Use x=1+r, where r is the interest rate paid each year. Write a model polynomial, C(x), to represent the final amount of each of the following 7-year term investments. Investment 1: Deposit $4,000 at the beginning of the first year.Investment 2: Deposit $2,000 at the beginning of the first year, $1,500 at the beginning of the third year, and $500 at the beginning of the fifth year.Using the models that you just created, which investment option will result in more interest earned at the end of the 7-year term if the annual interest rate is 3.7 percent? Based on the answer you got for this problem when having the same interest rate and investment term, do you think it will be better to invest more at one time or divide the investment into smaller deposits each year? Explain your reasoning.

Question

GPT-4o mini · Answer

Let's start by defining the polynomial models for each investment option using the formula $ x = 1 + r $.

Given that the interest rate $ r = 0.037 $ (for 3.7%), we find $ x $:

\[ x = 1 + 0.037 = 1.037 \]

Investment 1: Deposit $4,000 at the beginning of the first year.

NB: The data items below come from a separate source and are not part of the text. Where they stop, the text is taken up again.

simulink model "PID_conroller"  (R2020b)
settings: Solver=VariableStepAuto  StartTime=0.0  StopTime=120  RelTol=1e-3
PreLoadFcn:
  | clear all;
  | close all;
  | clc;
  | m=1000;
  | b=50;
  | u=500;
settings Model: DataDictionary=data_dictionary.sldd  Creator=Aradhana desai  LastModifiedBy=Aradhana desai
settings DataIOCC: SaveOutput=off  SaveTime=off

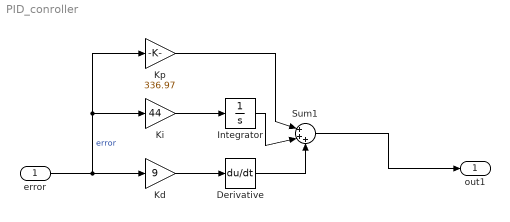
== system PID_conroller ==
  error : Inport  OutDataTypeStr=double  PortDimensions=1  SampleTime=0
  Derivative : Derivative
  Integrator : Integrator
  Kd : Gain  Gain=9
  Ki : Gain  Gain=44
  Kp : Gain  Gain=336.97
  Sum1 : Sum  Inputs=|+++
  out1 : Outport  OutDataTypeStr=double  PortDimensions=1  SampleTime=0
  wires:
  Kd/1 -> Derivative/1
  Ki/1 -> Integrator/1
  error/1 -> Kp/1, Ki/1, Kd/1  "error"
  Derivative/1 -> Sum1/3
  Sum1/1 -> out1/1
  Kp/1 -> Sum1/1
  Integrator/1 -> Sum1/2

This $4,000 will compound for 7 years. The final amount, $ C_1(x) $ for Investment 1, can be represented as:

\[ C_1(x) = 4000 \cdot x^7 \]

Substituting $ x = 1.037 $:

\[ C_1(1.037) = 4000 \cdot (1.037)^7 \]

Calculating $ (1.037)^7 $:

\[ (1.037)^7 \approx 1.281574 \]

Now calculating $ C_1(1.037) $:

\[ C_1(1.037) \approx 4000 \cdot 1.281574 \approx 5126.30 \]

Investment 2: Deposits of $2,000 at the beginning of the first year, $1,500 at the beginning of the third year, and $500 at the beginning of the fifth year.

For Investment 2, we will track each deposit separately based on how many years they will compound:

The first deposit of $2,000 for 7 years:

\[ C_{2a}(x) = 2000 \cdot x^7 \]

The second deposit of $1,500 for 5 years (deposited at the beginning of Year 3):

\[ C_{2b}(x) = 1500 \cdot x^5 \]

The third deposit of $500 for 3 years (deposited at the beginning of Year 5):

\[ C_{2c}(x) = 500 \cdot x^3 \]

The total amount at the end of 7 years for Investment 2, $ C_2(x) $, is given by:

\[ C_2(x) = 2000 \cdot x^7 + 1500 \cdot x^5 + 500 \cdot x^3 \]

Substituting $ x = 1.037 $:

Calculate $ (1.037)^5 $:

\[ (1.037)^5 \approx 1.20085 \]

Calculate $ (1.037)^3 $:

\[ (1.037)^3 \approx 1.11576 \]

Now we can find $ C_2(1.037) $:

\[ C_2(1.037) = 2000 \cdot (1.037)^7 + 1500 \cdot (1.037)^5 + 500 \cdot (1.037)^3 \]

Substituting the values:

\[ C_2(1.037) \approx 2000 \cdot 1.281574 + 1500 \cdot 1.20085 + 500 \cdot 1.11576 \]

Calculating each term:

\[ 2000 \cdot 1.281574 \approx 2563.15 \] \[ 1500 \cdot 1.20085 \approx 1800.13 \] \[ 500 \cdot 1.11576 \approx 557.88 \]

Now summing the amounts:

\[ C_2(1.037) \approx 2563.15 + 1800.13 + 557.88 \approx 4910.16 \]

Summary of Investments:

Investment 1 Final Amount: $ C_1(1.037) \approx 5126.30 $
Investment 2 Final Amount: $ C_2(1.037) \approx 4910.16 $

Conclusion on Interest Earned

Interest Earned from Investment 1: $ 5126.30 - 4000 = 1126.30 $
Interest Earned from Investment 2: $ 4910.16 - 4000 = 910.16 $

Thus, Investment 1 results in more interest earned at the end of the 7-year term.

Whether to Invest More at Once or in Smaller Deposits

Investing a larger amount at once (like in Investment 1) resulted in higher accumulation of interest compared to breaking it down into smaller deposits over time (like in Investment 2). This is due to the effect of compounding interest on a larger principal amount for a longer period. The earlier the money is invested, the more it can grow due to compounding. Therefore, it is generally better to invest more at one time when access to funds allows for it and especially when the interest rate is favorable.